I am sad to be leaving Okinawa. Not because I’m overly fond of  weird ass drinks from a vending machine, but because of you. I have never in my life felt the level of friendship and love I do now. You are such a diverse group of women, all with their own stories, all with their own quirks, and I love each and every one of them. Whether you’re pro status at nursing while jogging, excel at making food I shouldn’t be eating in the first place, blow past me in a race but still make me feel like a winner across the finish line, or you help me wrangle my kiddo on a trip to the zoo, you all have your own spot in my heart. I knew my life would change after my first PCS, but I never imagined the scale of change in myself that has happened while stationed here. I am a healthier, happier, motivated version of myself, and I owe most of that to all of you. You put all of those terrible military wife assumptions to absolute shame.

Ayahashi 10k April 2012

Ayahashi 10k April 2012

You’ve made me stronger physically and mentally, you’ve made me a better mother, you’ve supported me in the ups and downs of being a military wife, you’ve even cured some of my fears. I’ll never be able to fully thank you for the way my life has changed because of all of you, and you may not ever realize the differences, however small they may be, you have made. Not only have I achieved goals I never dreamed of, but I have set even more in this new year that I never thought I’d settle on. I came here with almost no friends, and I’m leaving with more than I can count on two hands. You have changed my opinions of being a military wife, quelled my fears of friendship, and healed my insecurities, and for that I am forever thankful. You are all outstandingly wonderful in so many ways and I want you to know that even though I’m leaving, I will always be here for you. I will always support you, always wonder if there’s anything I can do to help you through the adventure that is military wife-dom and mommyhood.

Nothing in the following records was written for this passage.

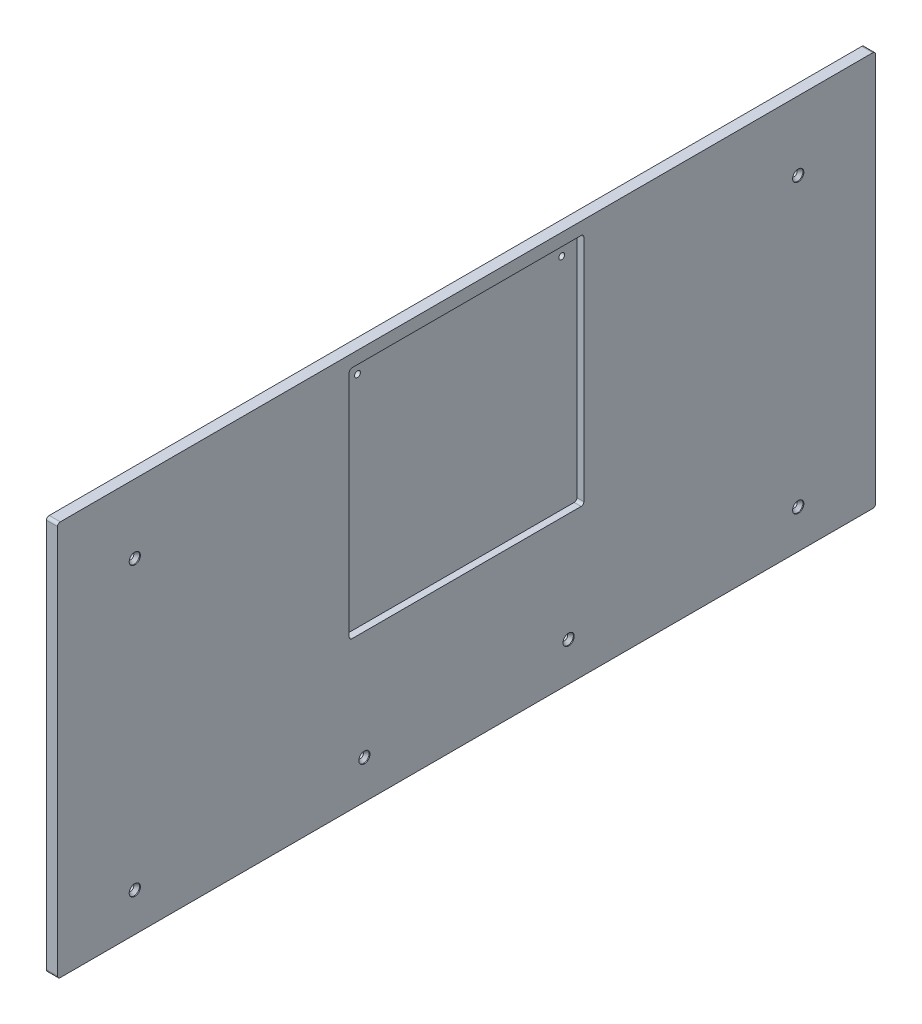
ISO-10303-21;
HEADER;
FILE_DESCRIPTION(('STEP AP214'),'2;1');
FILE_NAME('part.step','',(''),(''),'','','');
FILE_SCHEMA(('AUTOMOTIVE_DESIGN { 1 0 10303 214 1 1 1 1 }'));
ENDSEC;
DATA;
#1=APPLICATION_CONTEXT('core data for automotive mechanical design processes');
#2=APPLICATION_PROTOCOL_DEFINITION('international standard','automotive_design',2000,#1);
#3=PRODUCT_CONTEXT('',#1,'mechanical');
#4=PRODUCT('Part','Part','',(#3));
#5=PRODUCT_RELATED_PRODUCT_CATEGORY('part','',(#4));
#6=PRODUCT_DEFINITION_FORMATION('','',#4);
#7=PRODUCT_DEFINITION_CONTEXT('part definition',#1,'design');
#8=PRODUCT_DEFINITION('design','',#6,#7);
#9=PRODUCT_DEFINITION_SHAPE('','',#8);
#10=(LENGTH_UNIT() NAMED_UNIT(*) SI_UNIT(.MILLI.,.METRE.));
#11=(NAMED_UNIT(*) PLANE_ANGLE_UNIT() SI_UNIT($,.RADIAN.));
#12=(NAMED_UNIT(*) SI_UNIT($,.STERADIAN.) SOLID_ANGLE_UNIT());
#13=UNCERTAINTY_MEASURE_WITH_UNIT(LENGTH_MEASURE(1.E-05),#10,'distance_accuracy_value','');
#14=(GEOMETRIC_REPRESENTATION_CONTEXT(3) GLOBAL_UNCERTAINTY_ASSIGNED_CONTEXT((#13)) GLOBAL_UNIT_ASSIGNED_CONTEXT((#10,
#11,#12)) REPRESENTATION_CONTEXT('',''));
#15=CARTESIAN_POINT('',(0.,0.,0.));
#16=DIRECTION('',(0.,0.,1.));
#17=DIRECTION('',(1.,0.,0.));
#18=AXIS2_PLACEMENT_3D('',#15,#16,#17);
#19=CARTESIAN_POINT('',(0.,0.,0.));
#20=DIRECTION('',(-1.,0.,0.));
#21=DIRECTION('',(0.,0.,1.));
#22=AXIS2_PLACEMENT_3D('',#19,#20,#21);
#23=PLANE('',#22);
#24=CARTESIAN_POINT('',(0.,374.65,-88.9));
#25=DIRECTION('',(1.,0.,0.));
#26=DIRECTION('',(0.,0.,-1.));
#27=AXIS2_PLACEMENT_3D('',#24,#25,#26);
#28=CIRCLE('',#27,3.3782);
#29=CARTESIAN_POINT('',(0.,374.65,-92.2782));
#30=VERTEX_POINT('',#29);
#31=EDGE_CURVE('E516',#30,#30,#28,.T.);
#32=ORIENTED_EDGE('',*,*,#31,.T.);
#33=EDGE_LOOP('',(#32));
#34=FACE_BOUND('',#33,.T.);
#35=CARTESIAN_POINT('',(0.,374.65,-851.98204));
#36=DIRECTION('',(1.,0.,0.));
#37=DIRECTION('',(0.,0.,-1.));
#38=AXIS2_PLACEMENT_3D('',#35,#36,#37);
#39=CIRCLE('',#38,3.3782);
#40=CARTESIAN_POINT('',(0.,374.65,-855.36024));
#41=VERTEX_POINT('',#40);
#42=EDGE_CURVE('E531',#41,#41,#39,.T.);
#43=ORIENTED_EDGE('',*,*,#42,.T.);
#44=EDGE_LOOP('',(#43));
#45=FACE_BOUND('',#44,.T.);
#46=CARTESIAN_POINT('',(0.,44.45,-88.9));
#47=DIRECTION('',(1.,0.,0.));
#48=DIRECTION('',(0.,0.,-1.));
#49=AXIS2_PLACEMENT_3D('',#46,#47,#48);
#50=CIRCLE('',#49,3.3782);
#51=CARTESIAN_POINT('',(0.,44.45,-92.2782));
#52=VERTEX_POINT('',#51);
#53=EDGE_CURVE('E547',#52,#52,#50,.T.);
#54=ORIENTED_EDGE('',*,*,#53,.T.);
#55=EDGE_LOOP('',(#54));
#56=FACE_BOUND('',#55,.T.);
#57=CARTESIAN_POINT('',(0.,44.45,-352.96602));
#58=DIRECTION('',(1.,0.,0.));
#59=DIRECTION('',(0.,0.,-1.));
#60=AXIS2_PLACEMENT_3D('',#57,#58,#59);
#61=CIRCLE('',#60,3.3782);
#62=CARTESIAN_POINT('',(0.,44.45,-356.34422));
#63=VERTEX_POINT('',#62);
#64=EDGE_CURVE('E563',#63,#63,#61,.T.);
#65=ORIENTED_EDGE('',*,*,#64,.T.);
#66=EDGE_LOOP('',(#65));
#67=FACE_BOUND('',#66,.T.);
#68=CARTESIAN_POINT('',(0.,422.275,-587.91602));
#69=DIRECTION('',(1.,0.,0.));
#70=DIRECTION('',(0.,0.,-1.));
#71=AXIS2_PLACEMENT_3D('',#68,#69,#70);
#72=CIRCLE('',#71,3.37343749999991);
#73=CARTESIAN_POINT('',(0.,422.275,-591.2894575));
#74=VERTEX_POINT('',#73);
#75=EDGE_CURVE('E345',#74,#74,#72,.T.);
#76=ORIENTED_EDGE('',*,*,#75,.T.);
#77=EDGE_LOOP('',(#76));
#78=FACE_BOUND('',#77,.T.);
#79=DIRECTION('',(0.,0.,1.));
#80=VECTOR('',#79,1.);
#81=CARTESIAN_POINT('',(0.,454.025,0.));
#82=LINE('',#81,#80);
#83=CARTESIAN_POINT('',(0.,454.025,-937.70704));
#84=VERTEX_POINT('',#83);
#85=CARTESIAN_POINT('',(0.,454.025,-3.175));
#86=VERTEX_POINT('',#85);
#87=EDGE_CURVE('E176',#84,#86,#82,.T.);
#88=ORIENTED_EDGE('',*,*,#87,.F.);
#89=CARTESIAN_POINT('',(0.,450.85,-937.70704));
#90=DIRECTION('',(-1.,0.,0.));
#91=DIRECTION('',(0.,0.,1.));
#92=AXIS2_PLACEMENT_3D('',#89,#90,#91);
#93=CIRCLE('',#92,3.175);
#94=CARTESIAN_POINT('',(0.,450.85,-940.88204));
#95=VERTEX_POINT('',#94);
#96=EDGE_CURVE('E158',#84,#95,#93,.T.);
#97=ORIENTED_EDGE('',*,*,#96,.T.);
#98=DIRECTION('',(0.,1.,0.));
#99=VECTOR('',#98,1.);
#100=CARTESIAN_POINT('',(0.,0.,-940.88204));
#101=LINE('',#100,#99);
#102=CARTESIAN_POINT('',(0.,3.175,-940.88204));
#103=VERTEX_POINT('',#102);
#104=EDGE_CURVE('E188',#103,#95,#101,.T.);
#105=ORIENTED_EDGE('',*,*,#104,.F.);
#106=CARTESIAN_POINT('',(0.,3.175,-937.70704));
#107=DIRECTION('',(-1.,0.,0.));
#108=DIRECTION('',(0.,0.,1.));
#109=AXIS2_PLACEMENT_3D('',#106,#107,#108);
#110=CIRCLE('',#109,3.175);
#111=CARTESIAN_POINT('',(0.,0.,-937.70704));
#112=VERTEX_POINT('',#111);
#113=EDGE_CURVE('E170',#103,#112,#110,.T.);
#114=ORIENTED_EDGE('',*,*,#113,.T.);
#115=DIRECTION('',(0.,0.,-1.));
#116=VECTOR('',#115,1.);
#117=CARTESIAN_POINT('',(0.,0.,0.));
#118=LINE('',#117,#116);
#119=CARTESIAN_POINT('',(0.,0.,-3.175));
#120=VERTEX_POINT('',#119);
#121=EDGE_CURVE('E196',#120,#112,#118,.T.);
#122=ORIENTED_EDGE('',*,*,#121,.F.);
#123=CARTESIAN_POINT('',(0.,3.175,-3.175));
#124=DIRECTION('',(-1.,0.,0.));
#125=DIRECTION('',(0.,0.,1.));
#126=AXIS2_PLACEMENT_3D('',#123,#124,#125);
#127=CIRCLE('',#126,3.175);
#128=CARTESIAN_POINT('',(0.,3.175,0.));
#129=VERTEX_POINT('',#128);
#130=EDGE_CURVE('E204',#120,#129,#127,.T.);
#131=ORIENTED_EDGE('',*,*,#130,.T.);
#132=DIRECTION('',(0.,-1.,0.));
#133=VECTOR('',#132,1.);
#134=CARTESIAN_POINT('',(0.,0.,0.));
#135=LINE('',#134,#133);
#136=CARTESIAN_POINT('',(0.,450.85,0.));
#137=VERTEX_POINT('',#136);
#138=EDGE_CURVE('E352',#137,#129,#135,.T.);
#139=ORIENTED_EDGE('',*,*,#138,.F.);
#140=CARTESIAN_POINT('',(0.,450.85,-3.175));
#141=DIRECTION('',(-1.,0.,0.));
#142=DIRECTION('',(0.,0.,1.));
#143=AXIS2_PLACEMENT_3D('',#140,#141,#142);
#144=CIRCLE('',#143,3.175);
#145=EDGE_CURVE('E181',#137,#86,#144,.T.);
#146=ORIENTED_EDGE('',*,*,#145,.T.);
#147=EDGE_LOOP('',(#88,#97,#105,#114,#122,#131,#139,#146));
#148=FACE_BOUND('',#147,.T.);
#149=CARTESIAN_POINT('',(0.,422.275,-352.96602));
#150=DIRECTION('',(1.,0.,0.));
#151=DIRECTION('',(0.,0.,-1.));
#152=AXIS2_PLACEMENT_3D('',#149,#150,#151);
#153=CIRCLE('',#152,3.37343750000003);
#154=CARTESIAN_POINT('',(0.,422.275,-356.3394575));
#155=VERTEX_POINT('',#154);
#156=EDGE_CURVE('E349',#155,#155,#153,.T.);
#157=ORIENTED_EDGE('',*,*,#156,.T.);
#158=EDGE_LOOP('',(#157));
#159=FACE_BOUND('',#158,.T.);
#160=CARTESIAN_POINT('',(0.,44.45,-851.98204));
#161=DIRECTION('',(1.,0.,0.));
#162=DIRECTION('',(0.,0.,-1.));
#163=AXIS2_PLACEMENT_3D('',#160,#161,#162);
#164=CIRCLE('',#163,3.3782);
#165=CARTESIAN_POINT('',(0.,44.45,-855.36024));
#166=VERTEX_POINT('',#165);
#167=EDGE_CURVE('E304',#166,#166,#164,.T.);
#168=ORIENTED_EDGE('',*,*,#167,.T.);
#169=EDGE_LOOP('',(#168));
#170=FACE_BOUND('',#169,.T.);
#171=CARTESIAN_POINT('',(0.,44.45,-587.91602));
#172=DIRECTION('',(1.,0.,0.));
#173=DIRECTION('',(0.,0.,-1.));
#174=AXIS2_PLACEMENT_3D('',#171,#172,#173);
#175=CIRCLE('',#174,3.3782);
#176=CARTESIAN_POINT('',(0.,44.45,-591.29422));
#177=VERTEX_POINT('',#176);
#178=EDGE_CURVE('E579',#177,#177,#175,.T.);
#179=ORIENTED_EDGE('',*,*,#178,.T.);
#180=EDGE_LOOP('',(#179));
#181=FACE_BOUND('',#180,.T.);
#182=ADVANCED_FACE('F45',(#34,#45,#56,#67,#78,#148,#159,#170,#181),#23,.T.);
#183=CARTESIAN_POINT('',(12.7,422.275,-352.96602));
#184=DIRECTION('',(-1.,0.,0.));
#185=DIRECTION('',(0.,0.,1.));
#186=AXIS2_PLACEMENT_3D('',#183,#184,#185);
#187=CYLINDRICAL_SURFACE('',#186,3.37343750000003);
#188=ORIENTED_EDGE('',*,*,#156,.F.);
#189=EDGE_LOOP('',(#188));
#190=FACE_BOUND('',#189,.T.);
#191=CARTESIAN_POINT('',(4.7625,422.275,-352.96602));
#192=DIRECTION('',(1.,0.,0.));
#193=DIRECTION('',(0.,0.,-1.));
#194=AXIS2_PLACEMENT_3D('',#191,#192,#193);
#195=CIRCLE('',#194,3.37343750000003);
#196=CARTESIAN_POINT('',(4.7625,422.275,-356.3394575));
#197=VERTEX_POINT('',#196);
#198=EDGE_CURVE('E245',#197,#197,#195,.T.);
#199=ORIENTED_EDGE('',*,*,#198,.T.);
#200=EDGE_LOOP('',(#199));
#201=FACE_BOUND('',#200,.T.);
#202=ADVANCED_FACE('F391',(#190,#201),#187,.F.);
#203=CARTESIAN_POINT('',(12.7,422.275,-587.91602));
#204=DIRECTION('',(-1.,0.,0.));
#205=DIRECTION('',(0.,0.,1.));
#206=AXIS2_PLACEMENT_3D('',#203,#204,#205);
#207=CYLINDRICAL_SURFACE('',#206,3.37343749999991);
#208=ORIENTED_EDGE('',*,*,#75,.F.);
#209=EDGE_LOOP('',(#208));
#210=FACE_BOUND('',#209,.T.);
#211=CARTESIAN_POINT('',(4.7625,422.275,-587.91602));
#212=DIRECTION('',(1.,0.,0.));
#213=DIRECTION('',(0.,0.,-1.));
#214=AXIS2_PLACEMENT_3D('',#211,#212,#213);
#215=CIRCLE('',#214,3.37343749999991);
#216=CARTESIAN_POINT('',(4.7625,422.275,-591.2894575));
#217=VERTEX_POINT('',#216);
#218=EDGE_CURVE('E241',#217,#217,#215,.T.);
#219=ORIENTED_EDGE('',*,*,#218,.T.);
#220=EDGE_LOOP('',(#219));
#221=FACE_BOUND('',#220,.T.);
#222=ADVANCED_FACE('F397',(#210,#221),#207,.F.);
#223=CARTESIAN_POINT('',(12.7,0.,0.));
#224=DIRECTION('',(-1.,0.,0.));
#225=DIRECTION('',(0.,0.,1.));
#226=AXIS2_PLACEMENT_3D('',#223,#224,#225);
#227=PLANE('',#226);
#228=CARTESIAN_POINT('',(12.7,374.65,-88.9));
#229=DIRECTION('',(1.,0.,0.));
#230=DIRECTION('',(0.,0.,-1.));
#231=AXIS2_PLACEMENT_3D('',#228,#229,#230);
#232=CIRCLE('',#231,6.43890000000003);
#233=CARTESIAN_POINT('',(12.7,374.65,-95.3389));
#234=VERTEX_POINT('',#233);
#235=EDGE_CURVE('E505',#234,#234,#232,.T.);
#236=ORIENTED_EDGE('',*,*,#235,.F.);
#237=EDGE_LOOP('',(#236));
#238=FACE_BOUND('',#237,.T.);
#239=CARTESIAN_POINT('',(12.7,374.65,-851.98204));
#240=DIRECTION('',(1.,0.,0.));
#241=DIRECTION('',(0.,0.,-1.));
#242=AXIS2_PLACEMENT_3D('',#239,#240,#241);
#243=CIRCLE('',#242,6.43890000000003);
#244=CARTESIAN_POINT('',(12.7,374.65,-858.42094));
#245=VERTEX_POINT('',#244);
#246=EDGE_CURVE('E519',#245,#245,#243,.T.);
#247=ORIENTED_EDGE('',*,*,#246,.F.);
#248=EDGE_LOOP('',(#247));
#249=FACE_BOUND('',#248,.T.);
#250=CARTESIAN_POINT('',(12.7,44.45,-88.9));
#251=DIRECTION('',(1.,0.,0.));
#252=DIRECTION('',(0.,0.,-1.));
#253=AXIS2_PLACEMENT_3D('',#250,#251,#252);
#254=CIRCLE('',#253,6.4389);
#255=CARTESIAN_POINT('',(12.7,44.45,-95.3389));
#256=VERTEX_POINT('',#255);
#257=EDGE_CURVE('E535',#256,#256,#254,.T.);
#258=ORIENTED_EDGE('',*,*,#257,.F.);
#259=EDGE_LOOP('',(#258));
#260=FACE_BOUND('',#259,.T.);
#261=CARTESIAN_POINT('',(12.7,44.45,-352.96602));
#262=DIRECTION('',(1.,0.,0.));
#263=DIRECTION('',(0.,0.,-1.));
#264=AXIS2_PLACEMENT_3D('',#261,#262,#263);
#265=CIRCLE('',#264,6.4389);
#266=CARTESIAN_POINT('',(12.7,44.45,-359.40492));
#267=VERTEX_POINT('',#266);
#268=EDGE_CURVE('E551',#267,#267,#265,.T.);
#269=ORIENTED_EDGE('',*,*,#268,.F.);
#270=EDGE_LOOP('',(#269));
#271=FACE_BOUND('',#270,.T.);
#272=CARTESIAN_POINT('',(12.7,44.45,-587.91602));
#273=DIRECTION('',(1.,0.,0.));
#274=DIRECTION('',(0.,0.,-1.));
#275=AXIS2_PLACEMENT_3D('',#272,#273,#274);
#276=CIRCLE('',#275,6.4389);
#277=CARTESIAN_POINT('',(12.7,44.45,-594.35492));
#278=VERTEX_POINT('',#277);
#279=EDGE_CURVE('E567',#278,#278,#276,.T.);
#280=ORIENTED_EDGE('',*,*,#279,.F.);
#281=EDGE_LOOP('',(#280));
#282=FACE_BOUND('',#281,.T.);
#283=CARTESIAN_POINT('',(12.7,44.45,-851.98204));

Hiking Hiji Falls May 2012

Hiking Hiji Falls May 2012

Kin Fest July 2012

Kin Fest July 2012

Karen's 30th October 2012

Karen’s 30th October 2012

SW Christmas December 2012

SW Christmas December 2012

I’ve made entirely too many memories with all of you to list them off one by one, but just know you’ve made my time here in Okinawa beyond worth it and I will miss all of you SO MUCH. This is the first time I’ve felt so sad to leave a place because of the people. Thank GOD for facebook, otherwise I might have to roll up in a blanket, and never leave my bed because of withdrawals and missing you all too much. I look forward to all of you asking for orders to North Carolina.

xoxo Jessica

* This is a new installment on my little blog, I’m trying to be organized here people. Theme days, yay!